Global Transnationals increase ‘illicit financial flows’ into tax havens

18th April 2019 / Global
Global Transnationals increase 'illicit financial flows' into tax havens

By TruePublica: We have written many times about the level of power wielded by transnational corporations and the damage they do along the way. Leaving aside the ecological and environmental damage, these corporations are now shielding $2 trillion in tax havens a year more than the huge sums we knew of before. They are pillaging the world out of nothing other than gluttony and selfishness.

 

Corporations have increased their wealth against that of entire countries in the last few years. According to figures released by Global Justice Now back in 2016, they found that 69 of the world’s top economic entities are corporations rather than countries in 2015. They also discovered that the world’s top 10 corporations – a list that includes Walmart, Shell and Apple – have a combined revenue of more than the 180 ‘poorest’ countries combined in the list which include Ireland, Indonesia, Israel, Colombia, Greece, South Africa, Iraq and Vietnam.

Their figures at the time, also reported that when looking at the top 200 economic entities, 153 of them were corporations.

 

Just last week, the Tax Justice Network released their updated report on the same subject. That report makes some comparisons and shows data from 1993 suggesting that a third of world trade happened inside multinationals. What is surprising is that given the scale of operations of these transnationals, it appears from a first look that that number has not changed since then. Another report from the World Bank confirms this one-third number and so does another from the OECD.

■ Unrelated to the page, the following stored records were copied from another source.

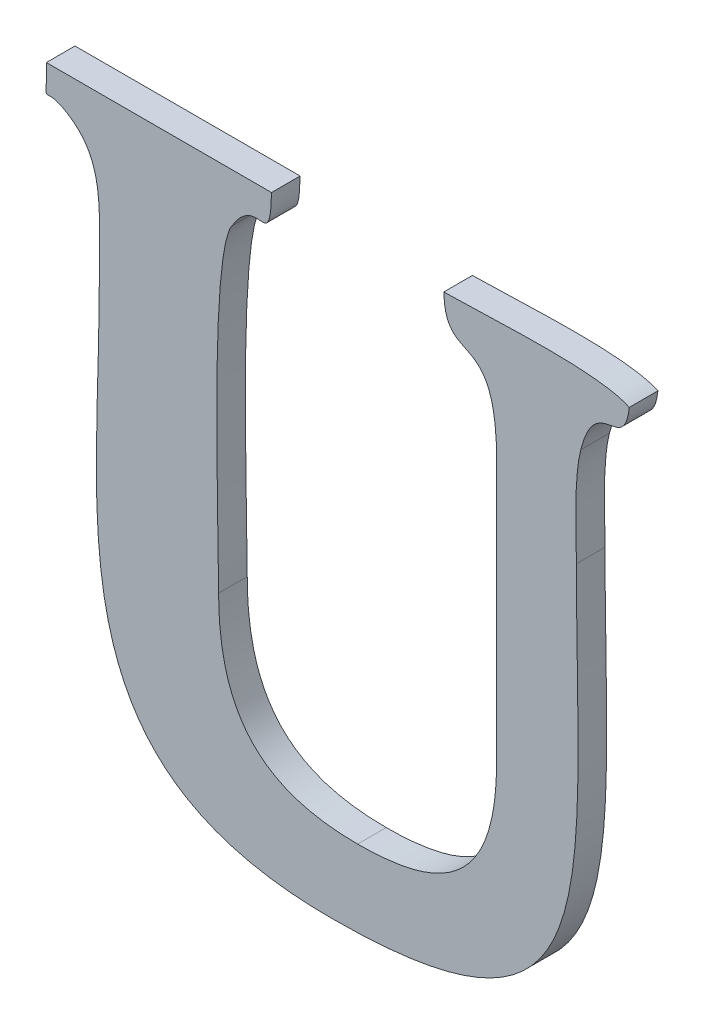
ISO-10303-21;
HEADER;
FILE_DESCRIPTION(('STEP AP214'),'2;1');
FILE_NAME('part.step','',(''),(''),'','','');
FILE_SCHEMA(('AUTOMOTIVE_DESIGN { 1 0 10303 214 1 1 1 1 }'));
ENDSEC;
DATA;
#1=APPLICATION_CONTEXT('core data for automotive mechanical design processes');
#2=APPLICATION_PROTOCOL_DEFINITION('international standard','automotive_design',2000,#1);
#3=PRODUCT_CONTEXT('',#1,'mechanical');
#4=PRODUCT('Part','Part','',(#3));
#5=PRODUCT_RELATED_PRODUCT_CATEGORY('part','',(#4));
#6=PRODUCT_DEFINITION_FORMATION('','',#4);
#7=PRODUCT_DEFINITION_CONTEXT('part definition',#1,'design');
#8=PRODUCT_DEFINITION('design','',#6,#7);
#9=PRODUCT_DEFINITION_SHAPE('','',#8);
#10=(LENGTH_UNIT() NAMED_UNIT(*) SI_UNIT(.MILLI.,.METRE.));
#11=(NAMED_UNIT(*) PLANE_ANGLE_UNIT() SI_UNIT($,.RADIAN.));
#12=(NAMED_UNIT(*) SI_UNIT($,.STERADIAN.) SOLID_ANGLE_UNIT());
#13=UNCERTAINTY_MEASURE_WITH_UNIT(LENGTH_MEASURE(1.E-05),#10,'distance_accuracy_value','');
#14=(GEOMETRIC_REPRESENTATION_CONTEXT(3) GLOBAL_UNCERTAINTY_ASSIGNED_CONTEXT((#13)) GLOBAL_UNIT_ASSIGNED_CONTEXT((#10,
#11,#12)) REPRESENTATION_CONTEXT('',''));
#15=CARTESIAN_POINT('',(0.,0.,0.));
#16=DIRECTION('',(0.,0.,1.));
#17=DIRECTION('',(1.,0.,0.));
#18=AXIS2_PLACEMENT_3D('',#15,#16,#17);
#19=CARTESIAN_POINT('',(50.2041499999998,11.218749,0.001));
#20=CARTESIAN_POINT('',(50.2041499999998,11.218749,0.));
#21=CARTESIAN_POINT('',(50.2054939999998,11.217909,0.001));
#22=CARTESIAN_POINT('',(50.2054939999998,11.217909,0.));
#23=CARTESIAN_POINT('',(50.2052559999998,11.216369,0.001));
#24=CARTESIAN_POINT('',(50.2052559999998,11.216369,0.));
#25=CARTESIAN_POINT('',(50.2052559999998,11.214017,0.001));
#26=CARTESIAN_POINT('',(50.2052559999998,11.214017,0.));
#27=B_SPLINE_SURFACE_WITH_KNOTS('',3,1,((#19,#20),(#21,#22),(#23,#24),(#25,#26)),.UNSPECIFIED.,
.F.,.F.,.F.,(4,4),(2,2),(0.8,0.866666666666667),(0.,1.),.UNSPECIFIED.);
#28=CARTESIAN_POINT('',(50.2041499999998,11.218749,0.));
#29=CARTESIAN_POINT('',(50.2054939999998,11.217909,0.));
#30=CARTESIAN_POINT('',(50.2052559999998,11.216369,0.));
#31=CARTESIAN_POINT('',(50.2052559999998,11.214017,0.));
#32=B_SPLINE_CURVE_WITH_KNOTS('',3,(#28,#29,#30,#31),.UNSPECIFIED.,.F.,.F.,(4,4),(0.8,
0.866666666666667),.UNSPECIFIED.);
#33=CARTESIAN_POINT('',(50.2041499999998,11.218749,0.));
#34=VERTEX_POINT('',#33);
#35=CARTESIAN_POINT('',(50.2052559999998,11.214017,0.));
#36=VERTEX_POINT('',#35);
#37=EDGE_CURVE('E11',#34,#36,#32,.T.);
#38=DIRECTION('',(0.,0.,-1.));
#39=VECTOR('',#38,1.);
#40=CARTESIAN_POINT('',(50.2052559999998,11.214017,0.001));
#41=LINE('',#40,#39);
#42=CARTESIAN_POINT('',(50.2052559999998,11.214017,0.001));
#43=VERTEX_POINT('',#42);
#44=EDGE_CURVE('E28',#43,#36,#41,.T.);
#45=CARTESIAN_POINT('',(50.2041499999998,11.218749,0.001));
#46=CARTESIAN_POINT('',(50.2054939999998,11.217909,0.001));
#47=CARTESIAN_POINT('',(50.2052559999998,11.216369,0.001));
#48=CARTESIAN_POINT('',(50.2052559999998,11.214017,0.001));
#49=B_SPLINE_CURVE_WITH_KNOTS('',3,(#45,#46,#47,#48),.UNSPECIFIED.,.F.,.F.,(4,4),(0.8,
0.866666666666667),.UNSPECIFIED.);
#50=CARTESIAN_POINT('',(50.2041499999998,11.218749,0.001));
#51=VERTEX_POINT('',#50);
#52=EDGE_CURVE('E333',#51,#43,#49,.T.);
#53=DIRECTION('',(0.,0.,-1.));
#54=VECTOR('',#53,1.);
#55=CARTESIAN_POINT('',(50.2041499999998,11.218749,0.001));
#56=LINE('',#55,#54);
#57=EDGE_CURVE('E40',#51,#34,#56,.T.);
#58=ORIENTED_EDGE('',*,*,#37,.T.);
#59=ORIENTED_EDGE('',*,*,#44,.F.);
#60=ORIENTED_EDGE('',*,*,#52,.F.);
#61=ORIENTED_EDGE('',*,*,#57,.T.);
#62=EDGE_LOOP('',(#58,#59,#60,#61));
#63=FACE_BOUND('',#62,.T.);
#64=ADVANCED_FACE('F17',(#63),#27,.F.);
#65=CARTESIAN_POINT('',(50.2052559999998,11.214017,0.001));
#66=CARTESIAN_POINT('',(50.2052559999998,11.214017,0.));
#67=CARTESIAN_POINT('',(50.2052419999998,11.206611,0.001));
#68=CARTESIAN_POINT('',(50.2052419999998,11.206611,0.));
#69=CARTESIAN_POINT('',(50.2036739999998,11.199009,0.001));
#70=CARTESIAN_POINT('',(50.2036739999998,11.199009,0.));
#71=CARTESIAN_POINT('',(50.2133619999998,11.199009,0.001));
#72=CARTESIAN_POINT('',(50.2133619999998,11.199009,0.));
#73=B_SPLINE_SURFACE_WITH_KNOTS('',3,1,((#65,#66),(#67,#68),(#69,#70),(#71,#72)),.UNSPECIFIED.,
.F.,.F.,.F.,(4,4),(2,2),(0.866666666666667,1.),(0.,1.),.UNSPECIFIED.);
#74=CARTESIAN_POINT('',(50.2052559999998,11.214017,0.));
#75=CARTESIAN_POINT('',(50.2052419999998,11.206611,0.));
#76=CARTESIAN_POINT('',(50.2036739999998,11.199009,0.));
#77=CARTESIAN_POINT('',(50.2133619999998,11.199009,0.));
#78=B_SPLINE_CURVE_WITH_KNOTS('',3,(#74,#75,#76,#77),.UNSPECIFIED.,.F.,.F.,(4,4),
(0.866666666666667,1.),.UNSPECIFIED.);
#79=CARTESIAN_POINT('',(50.2133619999998,11.199009,0.));
#80=VERTEX_POINT('',#79);
#81=EDGE_CURVE('E325',#36,#80,#78,.T.);
#82=DIRECTION('',(0.,0.,-1.));
#83=VECTOR('',#82,1.);
#84=CARTESIAN_POINT('',(50.2133619999998,11.199009,0.001));
#85=LINE('',#84,#83);
#86=CARTESIAN_POINT('',(50.2133619999998,11.199009,0.001));
#87=VERTEX_POINT('',#86);
#88=EDGE_CURVE('E320',#87,#80,#85,.T.);
#89=CARTESIAN_POINT('',(50.2052559999998,11.214017,0.001));
#90=CARTESIAN_POINT('',(50.2052419999998,11.206611,0.001));
#91=CARTESIAN_POINT('',(50.2036739999998,11.199009,0.001));
#92=CARTESIAN_POINT('',(50.2133619999998,11.199009,0.001));
#93=B_SPLINE_CURVE_WITH_KNOTS('',3,(#89,#90,#91,#92),.UNSPECIFIED.,.F.,.F.,(4,4),
(0.866666666666667,1.),.UNSPECIFIED.);
#94=EDGE_CURVE('E313',#43,#87,#93,.T.);
#95=ORIENTED_EDGE('',*,*,#81,.T.);
#96=ORIENTED_EDGE('',*,*,#88,.F.);
#97=ORIENTED_EDGE('',*,*,#94,.F.);
#98=ORIENTED_EDGE('',*,*,#44,.T.);
#99=EDGE_LOOP('',(#95,#96,#97,#98));
#100=FACE_BOUND('',#99,.T.);
#101=ADVANCED_FACE('F341',(#100),#73,.F.);
#102=CARTESIAN_POINT('',(50.2133619999998,11.199009,0.001));
#103=CARTESIAN_POINT('',(50.2133619999998,11.199009,0.));
#104=CARTESIAN_POINT('',(50.2232039999998,11.199009,0.001));
#105=CARTESIAN_POINT('',(50.2232039999998,11.199009,0.));
#106=CARTESIAN_POINT('',(50.2219439999998,11.203979,0.001));
#107=CARTESIAN_POINT('',(50.2219439999998,11.203979,0.));
#108=CARTESIAN_POINT('',(50.2219299999998,11.214017,0.001));
#109=CARTESIAN_POINT('',(50.2219299999998,11.214017,0.));
#110=B_SPLINE_SURFACE_WITH_KNOTS('',3,1,((#102,#103),(#104,#105),(#106,#107),(#108,#109)),
.UNSPECIFIED.,.F.,.F.,.F.,(4,4),(2,2),(0.,0.0666666666666667),(0.,1.),.UNSPECIFIED.);
#111=CARTESIAN_POINT('',(50.2133619999998,11.199009,0.));
#112=CARTESIAN_POINT('',(50.2232039999998,11.199009,0.));
#113=CARTESIAN_POINT('',(50.2219439999998,11.203979,0.));
#114=CARTESIAN_POINT('',(50.2219299999998,11.214017,0.));
#115=B_SPLINE_CURVE_WITH_KNOTS('',3,(#111,#112,#113,#114),.UNSPECIFIED.,.F.,.F.,(4,4),(0.,
0.0666666666666667),.UNSPECIFIED.);
#116=CARTESIAN_POINT('',(50.2219299999998,11.214017,0.));
#117=VERTEX_POINT('',#116);
#118=EDGE_CURVE('E308',#80,#117,#115,.T.);
#119=DIRECTION('',(0.,0.,-1.));
#120=VECTOR('',#119,1.);
#121=CARTESIAN_POINT('',(50.2219299999998,11.214017,0.001));
#122=LINE('',#121,#120);
#123=CARTESIAN_POINT('',(50.2219299999998,11.214017,0.001));
#124=VERTEX_POINT('',#123);
#125=EDGE_CURVE('E303',#124,#117,#122,.T.);
#126=CARTESIAN_POINT('',(50.2133619999998,11.199009,0.001));
#127=CARTESIAN_POINT('',(50.2232039999998,11.199009,0.001));
#128=CARTESIAN_POINT('',(50.2219439999998,11.203979,0.001));
#129=CARTESIAN_POINT('',(50.2219299999998,11.214017,0.001));
#130=B_SPLINE_CURVE_WITH_KNOTS('',3,(#126,#127,#128,#129),.UNSPECIFIED.,.F.,.F.,(4,4),(0.,
0.0666666666666667),.UNSPECIFIED.);
#131=EDGE_CURVE('E296',#87,#124,#130,.T.);
#132=ORIENTED_EDGE('',*,*,#118,.T.);
#133=ORIENTED_EDGE('',*,*,#125,.F.);
#134=ORIENTED_EDGE('',*,*,#131,.F.);
#135=ORIENTED_EDGE('',*,*,#88,.T.);
#136=EDGE_LOOP('',(#132,#133,#134,#135));
#137=FACE_BOUND('',#136,.T.);
#138=ADVANCED_FACE('F346',(#137),#110,.F.);
#139=CARTESIAN_POINT('',(50.2219299999998,11.214017,0.001));
#140=CARTESIAN_POINT('',(50.2219299999998,11.214017,0.));
#141=CARTESIAN_POINT('',(50.2219299999998,11.215151,0.001));
#142=CARTESIAN_POINT('',(50.2219299999998,11.215151,0.));
#143=CARTESIAN_POINT('',(50.2218319999998,11.216523,0.001));
#144=CARTESIAN_POINT('',(50.2218319999998,11.216523,0.));
#145=CARTESIAN_POINT('',(50.2220839999998,11.217545,0.001));
#146=CARTESIAN_POINT('',(50.2220839999998,11.217545,0.));
#147=B_SPLINE_SURFACE_WITH_KNOTS('',3,1,((#139,#140),(#141,#142),(#143,#144),(#145,#146)),
.UNSPECIFIED.,.F.,.F.,.F.,(4,4),(2,2),(0.0666666666666667,0.133333333333333),(0.,1.),.UNSPECIFIED.);
#148=CARTESIAN_POINT('',(50.2219299999998,11.214017,0.));
#149=CARTESIAN_POINT('',(50.2219299999998,11.215151,0.));
#150=CARTESIAN_POINT('',(50.2218319999998,11.216523,0.));
#151=CARTESIAN_POINT('',(50.2220839999998,11.217545,0.));
#152=B_SPLINE_CURVE_WITH_KNOTS('',3,(#148,#149,#150,#151),.UNSPECIFIED.,.F.,.F.,(4,4),
(0.0666666666666667,0.133333333333333),.UNSPECIFIED.);
#153=CARTESIAN_POINT('',(50.2220839999998,11.217545,0.));
#154=VERTEX_POINT('',#153);
#155=EDGE_CURVE('E291',#117,#154,#152,.T.);
#156=DIRECTION('',(0.,0.,-1.));
#157=VECTOR('',#156,1.);
#158=CARTESIAN_POINT('',(50.2220839999998,11.217545,0.001));
#159=LINE('',#158,#157);
#160=CARTESIAN_POINT('',(50.2220839999998,11.217545,0.001));
#161=VERTEX_POINT('',#160);
#162=EDGE_CURVE('E286',#161,#154,#159,.T.);
#163=CARTESIAN_POINT('',(50.2219299999998,11.214017,0.001));
#164=CARTESIAN_POINT('',(50.2219299999998,11.215151,0.001));
#165=CARTESIAN_POINT('',(50.2218319999998,11.216523,0.001));
#166=CARTESIAN_POINT('',(50.2220839999998,11.217545,0.001));
#167=B_SPLINE_CURVE_WITH_KNOTS('',3,(#163,#164,#165,#166),.UNSPECIFIED.,.F.,.F.,(4,4),
(0.0666666666666667,0.133333333333333),.UNSPECIFIED.);
#168=EDGE_CURVE('E279',#124,#161,#167,.T.);
#169=ORIENTED_EDGE('',*,*,#155,.T.);
#170=ORIENTED_EDGE('',*,*,#162,.F.);
#171=ORIENTED_EDGE('',*,*,#168,.F.);
#172=ORIENTED_EDGE('',*,*,#125,.T.);
#173=EDGE_LOOP('',(#169,#170,#171,#172));
#174=FACE_BOUND('',#173,.T.);
#175=ADVANCED_FACE('F352',(#174),#147,.F.);
#176=CARTESIAN_POINT('',(50.2220839999998,11.217545,0.001));
#177=CARTESIAN_POINT('',(50.2220839999998,11.217545,0.));
#178=CARTESIAN_POINT('',(50.2226159999998,11.219645,0.001));
#179=CARTESIAN_POINT('',(50.2226159999998,11.219645,0.));
#180=CARTESIAN_POINT('',(50.2235959999998,11.218049,0.001));
#181=CARTESIAN_POINT('',(50.2235959999998,11.218049,0.));
#182=CARTESIAN_POINT('',(50.2237779999998,11.219673,0.001));
#183=CARTESIAN_POINT('',(50.2237779999998,11.219673,0.));
#184=B_SPLINE_SURFACE_WITH_KNOTS('',3,1,((#176,#177),(#178,#179),(#180,#181),(#182,#183)),
.UNSPECIFIED.,.F.,.F.,.F.,(4,4),(2,2),(0.133333333333333,0.2),(0.,1.),.UNSPECIFIED.);
#185=CARTESIAN_POINT('',(50.2220839999998,11.217545,0.));
#186=CARTESIAN_POINT('',(50.2226159999998,11.219645,0.));
#187=CARTESIAN_POINT('',(50.2235959999998,11.218049,0.));
#188=CARTESIAN_POINT('',(50.2237779999998,11.219673,0.));
#189=B_SPLINE_CURVE_WITH_KNOTS('',3,(#185,#186,#187,#188),.UNSPECIFIED.,.F.,.F.,(4,4),
(0.133333333333333,0.2),.UNSPECIFIED.);
#190=CARTESIAN_POINT('',(50.2237779999998,11.219673,0.));
#191=VERTEX_POINT('',#190);
#192=EDGE_CURVE('E274',#154,#191,#189,.T.);
#193=DIRECTION('',(0.,0.,-1.));
#194=VECTOR('',#193,1.);
#195=CARTESIAN_POINT('',(50.2237779999998,11.219673,0.001));
#196=LINE('',#195,#194);
#197=CARTESIAN_POINT('',(50.2237779999998,11.219673,0.001));
#198=VERTEX_POINT('',#197);
#199=EDGE_CURVE('E269',#198,#191,#196,.T.);
#200=CARTESIAN_POINT('',(50.2220839999998,11.217545,0.001));
#201=CARTESIAN_POINT('',(50.2226159999998,11.219645,0.001));
#202=CARTESIAN_POINT('',(50.2235959999998,11.218049,0.001));
#203=CARTESIAN_POINT('',(50.2237779999998,11.219673,0.001));
#204=B_SPLINE_CURVE_WITH_KNOTS('',3,(#200,#201,#202,#203),.UNSPECIFIED.,.F.,.F.,(4,4),
(0.133333333333333,0.2),.UNSPECIFIED.);
#205=EDGE_CURVE('E262',#161,#198,#204,.T.);
#206=ORIENTED_EDGE('',*,*,#192,.T.);
#207=ORIENTED_EDGE('',*,*,#199,.F.);
#208=ORIENTED_EDGE('',*,*,#205,.F.);
#209=ORIENTED_EDGE('',*,*,#162,.T.);
#210=EDGE_LOOP('',(#206,#207,#208,#209));
#211=FACE_BOUND('',#210,.T.);
#212=ADVANCED_FACE('F356',(#211),#184,.F.);
#213=CARTESIAN_POINT('',(50.2237779999998,11.219673,0.001));
#214=CARTESIAN_POINT('',(50.2237779999998,11.219673,0.));
#215=CARTESIAN_POINT('',(50.2226579999998,11.220233,0.001));
#216=CARTESIAN_POINT('',(50.2226579999998,11.220233,0.));
#217=CARTESIAN_POINT('',(50.2187379999998,11.219925,0.001));
#218=CARTESIAN_POINT('',(50.2187379999998,11.219925,0.));
#219=CARTESIAN_POINT('',(50.2172959999998,11.219925,0.001));
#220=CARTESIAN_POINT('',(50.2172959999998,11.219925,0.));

And yet, strangely, all these reports also show constant year-on-year growth. This growth over 25 years, by all accounts, seems to consistently represent one-third of global trade, whilst they out-perform their competition.

What these reports fail to demonstrate is the ever-increasing amount of illicit trade and off-shoring of revenues that is now going on as standard practice. They do this with an army of accountants equipped with tax dodging devices and the facilitators of the tax havens.

Tax Justice Network breaks down these numbers and comes to the conclusion that as much as 41 per cent of global trade is through transnationals. It is, therefore, safe to say, as TJN says that an extraordinary sum of money is now classed as ‘illicit financial flows’ – which is going straight into the accounts of tax havens. The sum of money we are talking here is nearly $2 trillion a year.

To put that in context, it is estimated that to end world hunger a sum of $30 billion would be needed each year. So there’s 66 years worth of ending that hunger illegally stashed money in just one year of tax dodging sitting comfortably in the sun-kissed beaches of places like Panama, Bermuda, Cayman Islands, Channel Islands et al doing nothing at all.